Before my noble friend Lady McDonagh intervened, I was talking about constituencies being based on numbers and nothing else. I looked up the origin of “gerrymandering” but with my customary forgetfulness—it must be old age—I have forgotten what my conclusions were. However, I understand that the word originated in the United States, so if gerrymandering takes place big time in the United States I do not see how a numerically even system of government is necessarily a fair one. I hope that I do not raise any further ire, or knock the scabs off any old sores, when I point out that for many years gerrymandering was said to be a way of life in Northern Ireland, although seats there were not based on numerical balance. I cannot for the life of me see how the coalition can claim that equalising constituencies numerically in the way proposed under the legislation will prevent at least the accusation of gerrymandering in the future.
My concluding remark on the widely read and circulated article of the noble Lord, Lord Baker, is that this matter is all about political advantage, and the coalition Government ought to have the courage to say so. Conservative Back-Benchers who are silent but supportive ought to have the courage of their convictions and say, “We in your Lordships' House are not prepared to put up with legislation being rushed through in this way”. I do not feel any obligation not to participate in this debate in order to enable the Government to hold a referendum on a certain date in May to please their coalition partners. That is a matter for them, not for this House as a whole. I hope and believe that if my noble friend Lord Wills, who has so ably moved this amendment, is not satisfied with the response from the Front Bench—having participated in previous debates on the Bill, I think that it would be pretty unusual if he were—he will test the mood and will of the Committee. Let us see proper impartiality prevail before we wreck our unwritten constitution and rig the other place as well as your Lordships' House.

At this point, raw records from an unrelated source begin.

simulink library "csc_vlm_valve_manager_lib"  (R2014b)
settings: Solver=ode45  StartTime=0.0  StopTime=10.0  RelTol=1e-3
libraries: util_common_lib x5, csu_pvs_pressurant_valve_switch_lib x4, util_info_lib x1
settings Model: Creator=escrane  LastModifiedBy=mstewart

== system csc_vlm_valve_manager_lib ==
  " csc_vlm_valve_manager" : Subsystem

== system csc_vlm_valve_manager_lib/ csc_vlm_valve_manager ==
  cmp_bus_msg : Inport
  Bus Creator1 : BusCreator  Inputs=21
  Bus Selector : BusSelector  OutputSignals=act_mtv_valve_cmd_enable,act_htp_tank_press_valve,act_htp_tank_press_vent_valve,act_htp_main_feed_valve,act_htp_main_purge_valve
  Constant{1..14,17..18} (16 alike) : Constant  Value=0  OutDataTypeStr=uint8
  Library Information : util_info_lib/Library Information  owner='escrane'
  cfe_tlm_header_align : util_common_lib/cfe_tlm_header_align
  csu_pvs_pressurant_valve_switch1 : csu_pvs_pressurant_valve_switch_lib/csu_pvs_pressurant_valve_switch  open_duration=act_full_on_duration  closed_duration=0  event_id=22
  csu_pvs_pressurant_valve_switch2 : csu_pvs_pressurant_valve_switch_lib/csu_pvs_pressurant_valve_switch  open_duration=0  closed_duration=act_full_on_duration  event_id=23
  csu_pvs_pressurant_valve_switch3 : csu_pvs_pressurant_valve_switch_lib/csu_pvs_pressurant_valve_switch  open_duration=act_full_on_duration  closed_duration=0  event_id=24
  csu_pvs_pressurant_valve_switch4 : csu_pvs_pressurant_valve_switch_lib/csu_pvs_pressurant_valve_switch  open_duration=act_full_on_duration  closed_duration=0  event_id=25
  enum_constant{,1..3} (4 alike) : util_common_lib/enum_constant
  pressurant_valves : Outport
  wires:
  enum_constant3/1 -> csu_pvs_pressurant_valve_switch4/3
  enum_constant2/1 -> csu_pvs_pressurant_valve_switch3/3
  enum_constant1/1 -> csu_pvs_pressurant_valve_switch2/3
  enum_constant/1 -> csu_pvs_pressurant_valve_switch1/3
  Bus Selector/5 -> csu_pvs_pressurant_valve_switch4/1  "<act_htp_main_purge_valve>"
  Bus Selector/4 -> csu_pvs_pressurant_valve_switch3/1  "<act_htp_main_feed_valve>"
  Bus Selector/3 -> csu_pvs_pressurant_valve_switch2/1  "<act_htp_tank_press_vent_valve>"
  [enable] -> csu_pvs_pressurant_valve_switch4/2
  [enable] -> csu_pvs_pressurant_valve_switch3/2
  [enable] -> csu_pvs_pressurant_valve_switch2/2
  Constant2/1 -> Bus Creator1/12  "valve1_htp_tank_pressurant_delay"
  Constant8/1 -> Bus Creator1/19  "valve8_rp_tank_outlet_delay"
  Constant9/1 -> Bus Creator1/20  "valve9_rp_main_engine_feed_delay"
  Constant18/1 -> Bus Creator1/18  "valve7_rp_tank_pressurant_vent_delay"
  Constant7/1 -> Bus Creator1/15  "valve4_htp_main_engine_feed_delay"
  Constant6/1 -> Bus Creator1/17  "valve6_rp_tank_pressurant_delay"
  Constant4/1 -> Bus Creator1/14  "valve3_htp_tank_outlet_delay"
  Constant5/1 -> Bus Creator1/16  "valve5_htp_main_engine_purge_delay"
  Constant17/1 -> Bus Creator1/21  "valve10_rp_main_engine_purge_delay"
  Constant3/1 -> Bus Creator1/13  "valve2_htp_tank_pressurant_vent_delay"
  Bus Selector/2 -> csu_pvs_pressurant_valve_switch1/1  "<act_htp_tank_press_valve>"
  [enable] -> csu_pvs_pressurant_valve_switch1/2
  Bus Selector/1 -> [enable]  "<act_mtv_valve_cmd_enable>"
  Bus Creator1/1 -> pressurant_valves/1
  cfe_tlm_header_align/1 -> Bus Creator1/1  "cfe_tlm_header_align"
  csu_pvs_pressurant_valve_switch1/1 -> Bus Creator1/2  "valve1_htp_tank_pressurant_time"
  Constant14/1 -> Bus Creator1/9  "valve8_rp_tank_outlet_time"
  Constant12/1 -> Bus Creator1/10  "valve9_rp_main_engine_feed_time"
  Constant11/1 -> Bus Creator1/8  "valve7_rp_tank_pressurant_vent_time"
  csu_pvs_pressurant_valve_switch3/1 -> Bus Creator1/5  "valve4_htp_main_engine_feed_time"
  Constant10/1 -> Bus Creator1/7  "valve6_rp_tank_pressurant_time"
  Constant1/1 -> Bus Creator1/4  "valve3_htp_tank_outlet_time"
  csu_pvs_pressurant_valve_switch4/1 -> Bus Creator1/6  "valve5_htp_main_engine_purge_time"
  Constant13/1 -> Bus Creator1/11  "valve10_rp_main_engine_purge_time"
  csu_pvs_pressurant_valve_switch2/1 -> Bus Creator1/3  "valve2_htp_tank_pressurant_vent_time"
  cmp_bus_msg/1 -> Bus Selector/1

What I find extraordinary about this debate on the topic raised by my noble friend is the question of,
“the proper role of MPs in their constituencies and in Parliament”.
Is there any doubt about that? Should we be raising it at all? My noble friend is quite right to address this issue. There is a profound difference between the way in which Members of Parliament in urban and poor constituencies react and the way in which MPs in country districts react. They are quite different. Perhaps this issue is being addressed by my noble friend.
The amendment is rather convoluted and we should address the issue directly: is there a difference between the way in which urban and country Members react? I represented an inner London constituency for a long time, and I held six surgeries a month—which is quite a lot. There is no doubt that my constituents put numerous questions to me and I found that I could not satisfactorily react to them by holding only four surgeries a month. That was inadequate. That is why I held six a month. I found that that also was inadequate, but I could not do more.
It is essential that this issue is addressed. Perhaps my noble friend is doing that—I do not know. The issue ought to be addressed directly, which is where the amendment falls down. On the whole, I was impressed by what my noble friend had to say, but he has not directly addressed this point.